IT’S DIFFICULT TO say whether last week’s lackluster first quarter numbers are indicative of a general demise in lobbying activity. Insiders are providing the press with abundant reasons to eschew the data, among these the assertion that Congress is nursing a hangover from the fiscal cliff, and that lobbying traditionally picks up in springtime.
Perhaps. These arguments, though seductive, will only be well-founded if Q2 numbers reveal a dramatic rebound. Some are certain this will happen. Rich Gold of Holland & Knight told The Hill that “the second quarter is when it’s going to hit.” He told The Washington Post that “a lot of hiring occurred in March, so you’re not collecting the dollars until the second quarter.” And The Post itself followed up with this argument: “The true test for firms may come in the second quarter, after companies and associations have a chance to review new legislation and take positions on which portions of it they want to oppose or support.”

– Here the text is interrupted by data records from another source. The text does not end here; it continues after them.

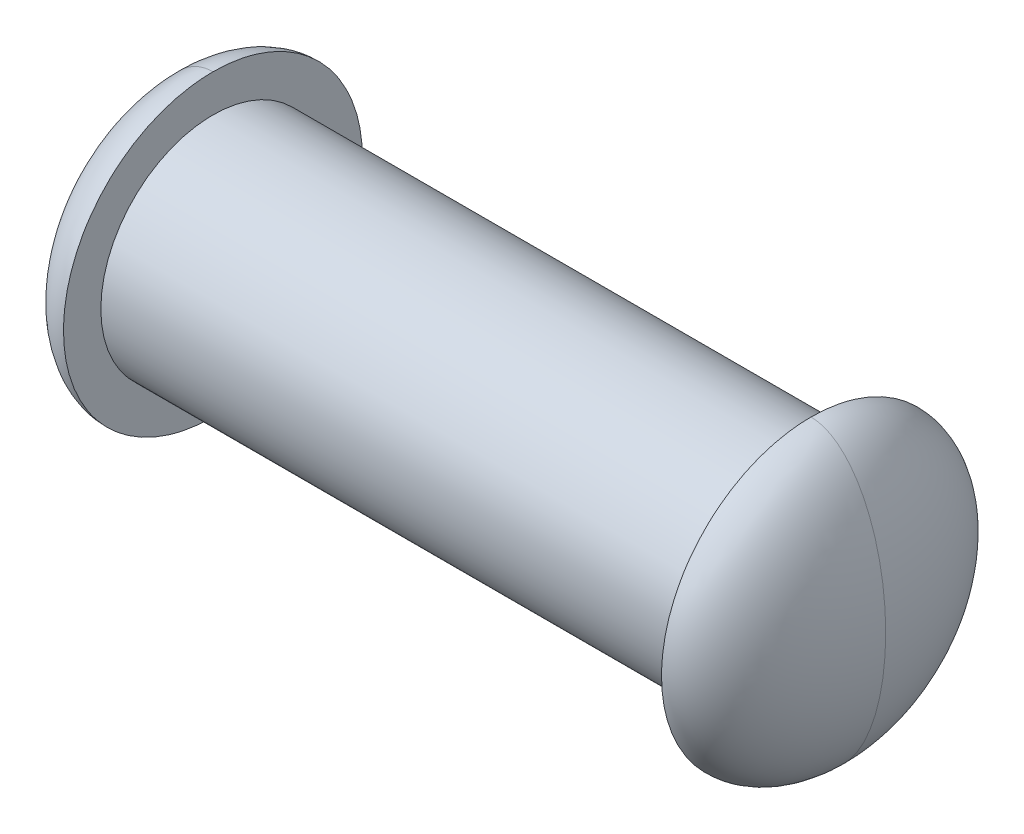
ISO-10303-21;
HEADER;
FILE_DESCRIPTION(('STEP AP214'),'2;1');
FILE_NAME('part.step','',(''),(''),'','','');
FILE_SCHEMA(('AUTOMOTIVE_DESIGN { 1 0 10303 214 1 1 1 1 }'));
ENDSEC;
DATA;
#1=APPLICATION_CONTEXT('core data for automotive mechanical design processes');
#2=APPLICATION_PROTOCOL_DEFINITION('international standard','automotive_design',2000,#1);
#3=PRODUCT_CONTEXT('',#1,'mechanical');
#4=PRODUCT('Part','Part','',(#3));
#5=PRODUCT_RELATED_PRODUCT_CATEGORY('part','',(#4));
#6=PRODUCT_DEFINITION_FORMATION('','',#4);
#7=PRODUCT_DEFINITION_CONTEXT('part definition',#1,'design');
#8=PRODUCT_DEFINITION('design','',#6,#7);
#9=PRODUCT_DEFINITION_SHAPE('','',#8);
#10=(LENGTH_UNIT() NAMED_UNIT(*) SI_UNIT(.MILLI.,.METRE.));
#11=(NAMED_UNIT(*) PLANE_ANGLE_UNIT() SI_UNIT($,.RADIAN.));
#12=(NAMED_UNIT(*) SI_UNIT($,.STERADIAN.) SOLID_ANGLE_UNIT());
#13=UNCERTAINTY_MEASURE_WITH_UNIT(LENGTH_MEASURE(1.E-05),#10,'distance_accuracy_value','');
#14=(GEOMETRIC_REPRESENTATION_CONTEXT(3) GLOBAL_UNCERTAINTY_ASSIGNED_CONTEXT((#13)) GLOBAL_UNIT_ASSIGNED_CONTEXT((#10,
#11,#12)) REPRESENTATION_CONTEXT('',''));
#15=CARTESIAN_POINT('',(0.,0.,0.));
#16=DIRECTION('',(0.,0.,1.));
#17=DIRECTION('',(1.,0.,0.));
#18=AXIS2_PLACEMENT_3D('',#15,#16,#17);
#19=CARTESIAN_POINT('',(-4.,-2.,0.));
#20=CARTESIAN_POINT('',(-4.,-2.,4.));
#21=CARTESIAN_POINT('',(-4.,2.,4.));
#22=CARTESIAN_POINT('',(-4.,2.,0.));
#23=CARTESIAN_POINT('',(-4.585786438,-2.,0.));
#24=CARTESIAN_POINT('',(-4.585786438,-2.,4.));
#25=CARTESIAN_POINT('',(-4.585786438,2.,4.));
#26=CARTESIAN_POINT('',(-4.585786438,2.,0.));
#27=CARTESIAN_POINT('',(-5.,-1.171572875,0.));
#28=CARTESIAN_POINT('',(-5.,-1.171572875,2.343145751));
#29=CARTESIAN_POINT('',(-5.,1.171572875,2.343145751));
#30=CARTESIAN_POINT('',(-5.,1.171572875,0.));
#31=CARTESIAN_POINT('',(-5.,0.,0.));
#32=CARTESIAN_POINT('',(-5.,0.,0.));
#33=CARTESIAN_POINT('',(-5.,0.,0.));
#34=CARTESIAN_POINT('',(-5.,0.,0.));
#35=(BOUNDED_SURFACE() B_SPLINE_SURFACE(3,3,((#19,#20,#21,#22),(#23,#24,#25,#26),(#27,#28,#29,
#30),(#31,#32,#33,#34)),.UNSPECIFIED.,.F.,.F.,.F.) B_SPLINE_SURFACE_WITH_KNOTS((4,4),(4,4),(0.,
1.),(0.,1.),.UNSPECIFIED.) GEOMETRIC_REPRESENTATION_ITEM() RATIONAL_B_SPLINE_SURFACE(((1.,
0.333333333333333,0.333333333333333,1.),(0.804737854124365,0.268245951374788,0.268245951374788,
0.804737854124365),(0.804737854124365,0.268245951374788,0.268245951374788,0.804737854124365),
(1.,0.333333333333333,0.333333333333333,1.))) REPRESENTATION_ITEM('') SURFACE());
#36=CARTESIAN_POINT('',(-4.,-2.,0.));
#37=CARTESIAN_POINT('',(-4.,-1.99999962641447,0.0562680229619233));
#38=CARTESIAN_POINT('',(-4.,-1.99762394300518,0.112509087930596));
#39=CARTESIAN_POINT('',(-4.,-1.9881463739492,0.224588791283825));
#40=CARTESIAN_POINT('',(-4.,-1.98104471460144,0.28042744880788));
#41=CARTESIAN_POINT('',(-4.,-1.95271723958908,0.446648063709757));
#42=CARTESIAN_POINT('',(-4.,-1.92446874657418,0.555916554788708));
#43=CARTESIAN_POINT('',(-4.,-1.85002914799462,0.768155068249139));
#44=CARTESIAN_POINT('',(-4.,-1.80382971785695,0.871122142729097));
#45=CARTESIAN_POINT('',(-4.,-1.69480587148286,1.06783350824989));
#46=CARTESIAN_POINT('',(-4.,-1.63198472136682,1.16157960622734));
#47=CARTESIAN_POINT('',(-4.,-1.49149611993653,1.33719357958562));
#48=CARTESIAN_POINT('',(-4.,-1.41382834132565,1.41906119303309));
#49=CARTESIAN_POINT('',(-4.,-1.24583855555913,1.56860880173396));
#50=CARTESIAN_POINT('',(-4.,-1.15551462307745,1.63628663443956));
#51=CARTESIAN_POINT('',(-4.,-0.964790249798286,1.75551336645388));
#52=CARTESIAN_POINT('',(-4.,-0.864390254004212,1.80706297764236));
#53=CARTESIAN_POINT('',(-4.,-0.656367388949257,1.89257162478123));
#54=CARTESIAN_POINT('',(-4.,-0.548744982224535,1.92653178597954));
#55=CARTESIAN_POINT('',(-4.,-0.329323889979723,1.97590271771947));
#56=CARTESIAN_POINT('',(-4.,-0.217525118924828,1.99131310813408));
#57=CARTESIAN_POINT('',(-4.,0.00707455170492986,2.00314687524351));
#58=CARTESIAN_POINT('',(-4.,0.119875474270174,1.99956981521806));
#59=CARTESIAN_POINT('',(-4.,0.343277698620538,1.97352584666787));
#60=CARTESIAN_POINT('',(-4.,0.453879022201218,1.95105912541404));
#61=CARTESIAN_POINT('',(-4.,0.669728020212934,1.88788698181247));
#62=CARTESIAN_POINT('',(-4.,0.774975711626932,1.84718161732595));
#63=CARTESIAN_POINT('',(-4.,0.977189487563661,1.74863777661584));
#64=CARTESIAN_POINT('',(-4.,1.07415535495195,1.69079885135884));
#65=CARTESIAN_POINT('',(-4.,1.21118381531814,1.59254679176868));
#66=CARTESIAN_POINT('',(-4.,1.25546374327093,1.55787326470221));
#67=CARTESIAN_POINT('',(-4.,1.34099378976153,1.48488999924051));
#68=CARTESIAN_POINT('',(-4.,1.38224094312319,1.44657678398915));
#69=CARTESIAN_POINT('',(-4.,1.50085475444602,1.32666910931567));
#70=CARTESIAN_POINT('',(-4.,1.57321655880106,1.2400183877163));
#71=CARTESIAN_POINT('',(-4.,1.7023417008121,1.05578606563579));
#72=CARTESIAN_POINT('',(-4.,1.75910563171886,0.958204881083524));
#73=CARTESIAN_POINT('',(-4.,1.83136904197552,0.805772155456572));
#74=CARTESIAN_POINT('',(-4.,1.85332586226793,0.753894007216334));
#75=CARTESIAN_POINT('',(-4.,1.89277724350991,0.648500919330629));
#76=CARTESIAN_POINT('',(-4.,1.91027541856335,0.594987344997413));
#77=CARTESIAN_POINT('',(-4.,1.94068278370897,0.486733933235352));
#78=CARTESIAN_POINT('',(-4.,1.95359646502991,0.431995352103915));
#79=CARTESIAN_POINT('',(-4.,1.97476719522395,0.321635163360166));
#80=CARTESIAN_POINT('',(-4.,1.98302560811863,0.266013819318918));
#81=CARTESIAN_POINT('',(-4.,1.99261890883154,0.175226234050916));
#82=CARTESIAN_POINT('',(-4.,1.99538857922048,0.140205275145587));
#83=CARTESIAN_POINT('',(-4.,1.99907778719133,0.0701241102824082));
#84=CARTESIAN_POINT('',(-4.,2.0000003757604,0.0350640649155608));
#85=CARTESIAN_POINT('',(-4.,2.,0.));
#86=B_SPLINE_CURVE_WITH_KNOTS('',3,(#36,#37,#38,#39,#40,#41,#42,#43,#44,#45,#46,#47,#48,#49,#50,
#51,#52,#53,#54,#55,#56,#57,#58,#59,#60,#61,#62,#63,#64,#65,#66,#67,#68,#69,#70,#71,#72,#73,#74,
#75,#76,#77,#78,#79,#80,#81,#82,#83,#84,#85),.UNSPECIFIED.,.F.,.F.,(4,2,2,2,2,2,2,2,2,2,2,2,2,2,
2,2,2,2,2,2,2,2,2,2,4),(0.,0.168700384984718,0.337392692490235,0.674238578630678,
1.01124086057953,1.34817697166002,1.6851205114153,2.02211536469862,2.35909534134666,
2.69605375774872,3.03301907907773,3.36999215080096,3.70696188183357,4.04393054385351,
4.38090803787167,4.54945707455141,4.71816877054622,5.05514437623786,5.39210716359791,
5.56093987110553,5.7296352871162,5.89816498054248,6.06664526805524,6.1719914868906,
6.27716355208919),.UNSPECIFIED.);
#87=CARTESIAN_POINT('',(-4.,-2.,0.));
#88=VERTEX_POINT('',#87);
#89=CARTESIAN_POINT('',(-4.,2.,0.));
#90=VERTEX_POINT('',#89);
#91=EDGE_CURVE('E22',#88,#90,#86,.T.);
#92=CARTESIAN_POINT('',(-4.,2.,0.));
#93=CARTESIAN_POINT('',(-4.585786438,2.,0.));
#94=CARTESIAN_POINT('',(-5.,1.171572875,0.));
#95=CARTESIAN_POINT('',(-5.,0.,0.));
#96=(BOUNDED_CURVE() B_SPLINE_CURVE(3,(#92,#93,#94,#95),.UNSPECIFIED.,.F.,
.F.) B_SPLINE_CURVE_WITH_KNOTS((4,4),(0.,1.),
.UNSPECIFIED.) CURVE() GEOMETRIC_REPRESENTATION_ITEM() RATIONAL_B_SPLINE_CURVE((1.,
0.804737854124365,0.804737854124365,1.)) REPRESENTATION_ITEM(''));
#97=CARTESIAN_POINT('',(-5.,0.,0.));
#98=VERTEX_POINT('',#97);
#99=EDGE_CURVE('E59',#90,#98,#96,.T.);
#100=CARTESIAN_POINT('',(-4.,-2.,0.));
#101=CARTESIAN_POINT('',(-4.585786438,-2.,0.));
#102=CARTESIAN_POINT('',(-5.,-1.171572875,0.));
#103=CARTESIAN_POINT('',(-5.,0.,0.));
#104=(BOUNDED_CURVE() B_SPLINE_CURVE(3,(#100,#101,#102,#103),.UNSPECIFIED.,.F.,
.F.) B_SPLINE_CURVE_WITH_KNOTS((4,4),(0.,1.),
.UNSPECIFIED.) CURVE() GEOMETRIC_REPRESENTATION_ITEM() RATIONAL_B_SPLINE_CURVE((1.,
0.804737854124365,0.804737854124365,1.)) REPRESENTATION_ITEM(''));
#105=EDGE_CURVE('E62',#98,#88,#104,.F.);
#106=ORIENTED_EDGE('',*,*,#91,.T.);
#107=ORIENTED_EDGE('',*,*,#99,.T.);
#108=ORIENTED_EDGE('',*,*,#105,.T.);
#109=EDGE_LOOP('',(#106,#107,#108));
#110=FACE_BOUND('',#109,.T.);
#111=ADVANCED_FACE('F17',(#110),#35,.F.);
#112=CARTESIAN_POINT('',(-4.,2.,0.));
#113=CARTESIAN_POINT('',(-4.,2.,-4.));
#114=CARTESIAN_POINT('',(-4.,-2.,-4.));
#115=CARTESIAN_POINT('',(-4.,-2.,0.));
#116=CARTESIAN_POINT('',(-4.585786438,2.,0.));
#117=CARTESIAN_POINT('',(-4.585786438,2.,-4.));
#118=CARTESIAN_POINT('',(-4.585786438,-2.,-4.));
#119=CARTESIAN_POINT('',(-4.585786438,-2.,0.));
#120=CARTESIAN_POINT('',(-5.,1.171572875,0.));
#121=CARTESIAN_POINT('',(-5.,1.171572875,-2.343145751));
#122=CARTESIAN_POINT('',(-5.,-1.171572875,-2.343145751));
#123=CARTESIAN_POINT('',(-5.,-1.171572875,0.));
#124=CARTESIAN_POINT('',(-5.,0.,0.));
#125=CARTESIAN_POINT('',(-5.,0.,0.));
#126=CARTESIAN_POINT('',(-5.,0.,0.));
#127=CARTESIAN_POINT('',(-5.,0.,0.));
#128=(BOUNDED_SURFACE() B_SPLINE_SURFACE(3,3,((#112,#113,#114,#115),(#116,#117,#118,#119),(#120,
#121,#122,#123),(#124,#125,#126,#127)),.UNSPECIFIED.,.F.,.F.,
.F.) B_SPLINE_SURFACE_WITH_KNOTS((4,4),(4,4),(0.,1.),(0.,1.),
.UNSPECIFIED.) GEOMETRIC_REPRESENTATION_ITEM() RATIONAL_B_SPLINE_SURFACE(((1.,0.333333333333333,
0.333333333333333,1.),(0.804737854124365,0.268245951374788,0.268245951374788,0.804737854124365),
(0.804737854124365,0.268245951374788,0.268245951374788,0.804737854124365),(1.,0.333333333333333,
0.333333333333333,1.))) REPRESENTATION_ITEM('') SURFACE());
#129=CARTESIAN_POINT('',(-4.,2.,0.));
#130=CARTESIAN_POINT('',(-4.,1.99999962641447,-0.0562680229619233));
#131=CARTESIAN_POINT('',(-4.,1.99762394300518,-0.112509087930596));
#132=CARTESIAN_POINT('',(-4.,1.9881463739492,-0.224588791283825));
#133=CARTESIAN_POINT('',(-4.,1.98104471460144,-0.28042744880788));
#134=CARTESIAN_POINT('',(-4.,1.95271723958908,-0.446648063709757));
#135=CARTESIAN_POINT('',(-4.,1.92446874657418,-0.555916554788708));
#136=CARTESIAN_POINT('',(-4.,1.85002914799462,-0.768155068249139));
#137=CARTESIAN_POINT('',(-4.,1.80382971785695,-0.871122142729097));
#138=CARTESIAN_POINT('',(-4.,1.69480587148286,-1.06783350824989));
#139=CARTESIAN_POINT('',(-4.,1.63198472136682,-1.16157960622734));
#140=CARTESIAN_POINT('',(-4.,1.49149611993653,-1.33719357958562));
#141=CARTESIAN_POINT('',(-4.,1.41382834132565,-1.41906119303309));
#142=CARTESIAN_POINT('',(-4.,1.24583855555913,-1.56860880173396));
#143=CARTESIAN_POINT('',(-4.,1.15551462307745,-1.63628663443956));
#144=CARTESIAN_POINT('',(-4.,0.964790249798286,-1.75551336645388));
#145=CARTESIAN_POINT('',(-4.,0.864390254004212,-1.80706297764236));
#146=CARTESIAN_POINT('',(-4.,0.656367388949257,-1.89257162478123));
#147=CARTESIAN_POINT('',(-4.,0.548744982224535,-1.92653178597954));
#148=CARTESIAN_POINT('',(-4.,0.329323889979723,-1.97590271771947));
#149=CARTESIAN_POINT('',(-4.,0.217525118924828,-1.99131310813408));
#150=CARTESIAN_POINT('',(-4.,-0.00707455170492986,-2.00314687524351));
#151=CARTESIAN_POINT('',(-4.,-0.119875474270174,-1.99956981521806));
#152=CARTESIAN_POINT('',(-4.,-0.343277698620538,-1.97352584666787));
#153=CARTESIAN_POINT('',(-4.,-0.453879022201218,-1.95105912541404));
#154=CARTESIAN_POINT('',(-4.,-0.669728020212934,-1.88788698181247));
#155=CARTESIAN_POINT('',(-4.,-0.774975711626932,-1.84718161732595));
#156=CARTESIAN_POINT('',(-4.,-0.977189487563661,-1.74863777661584));
#157=CARTESIAN_POINT('',(-4.,-1.07415535495195,-1.69079885135884));
#158=CARTESIAN_POINT('',(-4.,-1.21118381531814,-1.59254679176868));
#159=CARTESIAN_POINT('',(-4.,-1.25546374327093,-1.55787326470221));
#160=CARTESIAN_POINT('',(-4.,-1.34099378976153,-1.48488999924051));
#161=CARTESIAN_POINT('',(-4.,-1.38224094312319,-1.44657678398915));
#162=CARTESIAN_POINT('',(-4.,-1.50085475444602,-1.32666910931567));
#163=CARTESIAN_POINT('',(-4.,-1.57321655880106,-1.2400183877163));
#164=CARTESIAN_POINT('',(-4.,-1.7023417008121,-1.05578606563579));
#165=CARTESIAN_POINT('',(-4.,-1.75910563171886,-0.958204881083524));
#166=CARTESIAN_POINT('',(-4.,-1.83136904197552,-0.805772155456572));
#167=CARTESIAN_POINT('',(-4.,-1.85332586226793,-0.753894007216334));
#168=CARTESIAN_POINT('',(-4.,-1.89277724350991,-0.648500919330629));
#169=CARTESIAN_POINT('',(-4.,-1.91027541856335,-0.594987344997413));
#170=CARTESIAN_POINT('',(-4.,-1.94068278370897,-0.486733933235352));
#171=CARTESIAN_POINT('',(-4.,-1.95359646502991,-0.431995352103915));
#172=CARTESIAN_POINT('',(-4.,-1.97476719522395,-0.321635163360166));
#173=CARTESIAN_POINT('',(-4.,-1.98302560811863,-0.266013819318918));
#174=CARTESIAN_POINT('',(-4.,-1.99261890883154,-0.175226234050916));
#175=CARTESIAN_POINT('',(-4.,-1.99538857922048,-0.140205275145587));
#176=CARTESIAN_POINT('',(-4.,-1.99907778719133,-0.0701241102824082));
#177=CARTESIAN_POINT('',(-4.,-2.0000003757604,-0.0350640649155608));
#178=CARTESIAN_POINT('',(-4.,-2.,0.));
#179=B_SPLINE_CURVE_WITH_KNOTS('',3,(#129,#130,#131,#132,#133,#134,#135,#136,#137,#138,#139,
#140,#141,#142,#143,#144,#145,#146,#147,#148,#149,#150,#151,#152,#153,#154,#155,#156,#157,#158,
#159,#160,#161,#162,#163,#164,#165,#166,#167,#168,#169,#170,#171,#172,#173,#174,#175,#176,#177,
#178),.UNSPECIFIED.,.F.,.F.,(4,2,2,2,2,2,2,2,2,2,2,2,2,2,2,2,2,2,2,2,2,2,2,2,4),(0.,
0.168700384984718,0.337392692490235,0.674238578630678,1.01124086057953,1.34817697166002,
1.6851205114153,2.02211536469862,2.35909534134666,2.69605375774872,3.03301907907773,
3.36999215080096,3.70696188183357,4.04393054385351,4.38090803787167,4.54945707455141,
4.71816877054622,5.05514437623786,5.39210716359791,5.56093987110553,5.7296352871162,
5.89816498054248,6.06664526805524,6.1719914868906,6.27716355208919),.UNSPECIFIED.);
#180=EDGE_CURVE('E61',#90,#88,#179,.T.);
#181=ORIENTED_EDGE('',*,*,#105,.F.);
#182=ORIENTED_EDGE('',*,*,#99,.F.);
#183=ORIENTED_EDGE('',*,*,#180,.T.);
#184=EDGE_LOOP('',(#181,#182,#183));
#185=FACE_BOUND('',#184,.T.);
#186=ADVANCED_FACE('F60',(#185),#128,.F.);
#187=CARTESIAN_POINT('',(-4.,2.024,-2.024));
#188=DIRECTION('',(-1.,0.,0.));
#189=DIRECTION('',(0.,-1.,0.));
#190=AXIS2_PLACEMENT_3D('',#187,#188,#189);
#191=PLANE('',#190);
#192=CARTESIAN_POINT('',(-4.,0.,0.));
#193=DIRECTION('',(-1.,0.,0.));
#194=DIRECTION('',(0.,0.,1.));
#195=AXIS2_PLACEMENT_3D('',#192,#193,#194);
#196=CIRCLE('',#195,1.5);
#197=CARTESIAN_POINT('',(-4.,0.,1.5));
#198=VERTEX_POINT('',#197);
#199=EDGE_CURVE('E66',#198,#198,#196,.T.);
#200=ORIENTED_EDGE('',*,*,#199,.T.);
#201=EDGE_LOOP('',(#200));
#202=FACE_BOUND('',#201,.T.);
#203=ORIENTED_EDGE('',*,*,#91,.F.);
#204=ORIENTED_EDGE('',*,*,#180,.F.);
#205=EDGE_LOOP('',(#203,#204));
#206=FACE_BOUND('',#205,.T.);
#207=ADVANCED_FACE('F65',(#202,#206),#191,.F.);
#208=CARTESIAN_POINT('',(4.,0.,0.));
#209=DIRECTION('',(-1.,0.,0.));
#210=DIRECTION('',(0.,0.,1.));
#211=AXIS2_PLACEMENT_3D('',#208,#209,#210);
#212=CYLINDRICAL_SURFACE('',#211,1.5);
#213=ORIENTED_EDGE('',*,*,#199,.F.);
#214=EDGE_LOOP('',(#213));
#215=FACE_BOUND('',#214,.T.);
#216=CARTESIAN_POINT('',(4.,0.,0.));
#217=DIRECTION('',(-1.,0.,0.));
#218=DIRECTION('',(0.,0.,1.));
#219=AXIS2_PLACEMENT_3D('',#216,#217,#218);
#220=CIRCLE('',#219,1.5);
#221=CARTESIAN_POINT('',(4.,0.,1.5));
#222=VERTEX_POINT('',#221);
#223=EDGE_CURVE('E153',#222,#222,#220,.T.);
#224=ORIENTED_EDGE('',*,*,#223,.T.);
#225=EDGE_LOOP('',(#224));
#226=FACE_BOUND('',#225,.T.);
#227=ADVANCED_FACE('F118',(#215,#226),#212,.T.);
#228=CARTESIAN_POINT('',(4.,-2.024,-2.024));
#229=DIRECTION('',(1.,0.,0.));
#230=DIRECTION('',(0.,1.,0.));
#231=AXIS2_PLACEMENT_3D('',#228,#229,#230);
#232=PLANE('',#231);
#233=ORIENTED_EDGE('',*,*,#223,.F.);
#234=EDGE_LOOP('',(#233));
#235=FACE_BOUND('',#234,.T.);
#236=CARTESIAN_POINT('',(4.,-2.,0.));
#237=CARTESIAN_POINT('',(4.,-1.99999962641447,0.0562680229619233));
#238=CARTESIAN_POINT('',(4.,-1.99762394300518,0.112509087930596));
#239=CARTESIAN_POINT('',(4.,-1.9881463739492,0.224588791283825));
#240=CARTESIAN_POINT('',(4.,-1.98104471460144,0.28042744880788));
#241=CARTESIAN_POINT('',(4.,-1.95271723958908,0.446648063709757));
#242=CARTESIAN_POINT('',(4.,-1.92446874657418,0.555916554788708));
#243=CARTESIAN_POINT('',(4.,-1.85002914799462,0.768155068249139));
#244=CARTESIAN_POINT('',(4.,-1.80382971785695,0.871122142729097));
#245=CARTESIAN_POINT('',(4.,-1.69480587148286,1.06783350824989));
#246=CARTESIAN_POINT('',(4.,-1.63198472136682,1.16157960622734));
#247=CARTESIAN_POINT('',(4.,-1.49149611993653,1.33719357958562));
#248=CARTESIAN_POINT('',(4.,-1.41382834132565,1.41906119303309));
#249=CARTESIAN_POINT('',(4.,-1.24583855555913,1.56860880173396));
#250=CARTESIAN_POINT('',(4.,-1.15551462307744,1.63628663443956));
#251=CARTESIAN_POINT('',(4.,-0.964790249798285,1.75551336645388));
#252=CARTESIAN_POINT('',(4.,-0.864390254004212,1.80706297764236));
#253=CARTESIAN_POINT('',(4.,-0.656367388949256,1.89257162478123));
#254=CARTESIAN_POINT('',(4.,-0.548744982224535,1.92653178597954));
#255=CARTESIAN_POINT('',(4.,-0.329323889979722,1.97590271771947));
#256=CARTESIAN_POINT('',(4.,-0.217525118924827,1.99131310813408));
#257=CARTESIAN_POINT('',(4.,0.00707455170493081,2.00314687524351));
#258=CARTESIAN_POINT('',(4.,0.119875474270175,1.99956981521806));
#259=CARTESIAN_POINT('',(4.,0.343277698620539,1.97352584666787));
#260=CARTESIAN_POINT('',(4.,0.453879022201218,1.95105912541404));
#261=CARTESIAN_POINT('',(4.,0.669728020212935,1.88788698181247));
#262=CARTESIAN_POINT('',(4.,0.774975711626933,1.84718161732594));
#263=CARTESIAN_POINT('',(4.,0.977189487563661,1.74863777661584));
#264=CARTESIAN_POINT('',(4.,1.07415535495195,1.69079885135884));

Until then, however (Q2 ends in two months), the numbers remain strikingly low. Even compared to other first quarters (see graph), the last few months were a pitiful showing. Finally, the argument (articulated by one prominent lobbyist) that the opening of a new Congress is the most likely cause for this kind of slump simply doesn’t hold water. At the start of the 111th and 112th Congresses, the top ten lobbying firms spent over 1.5 times as much as they did this time around.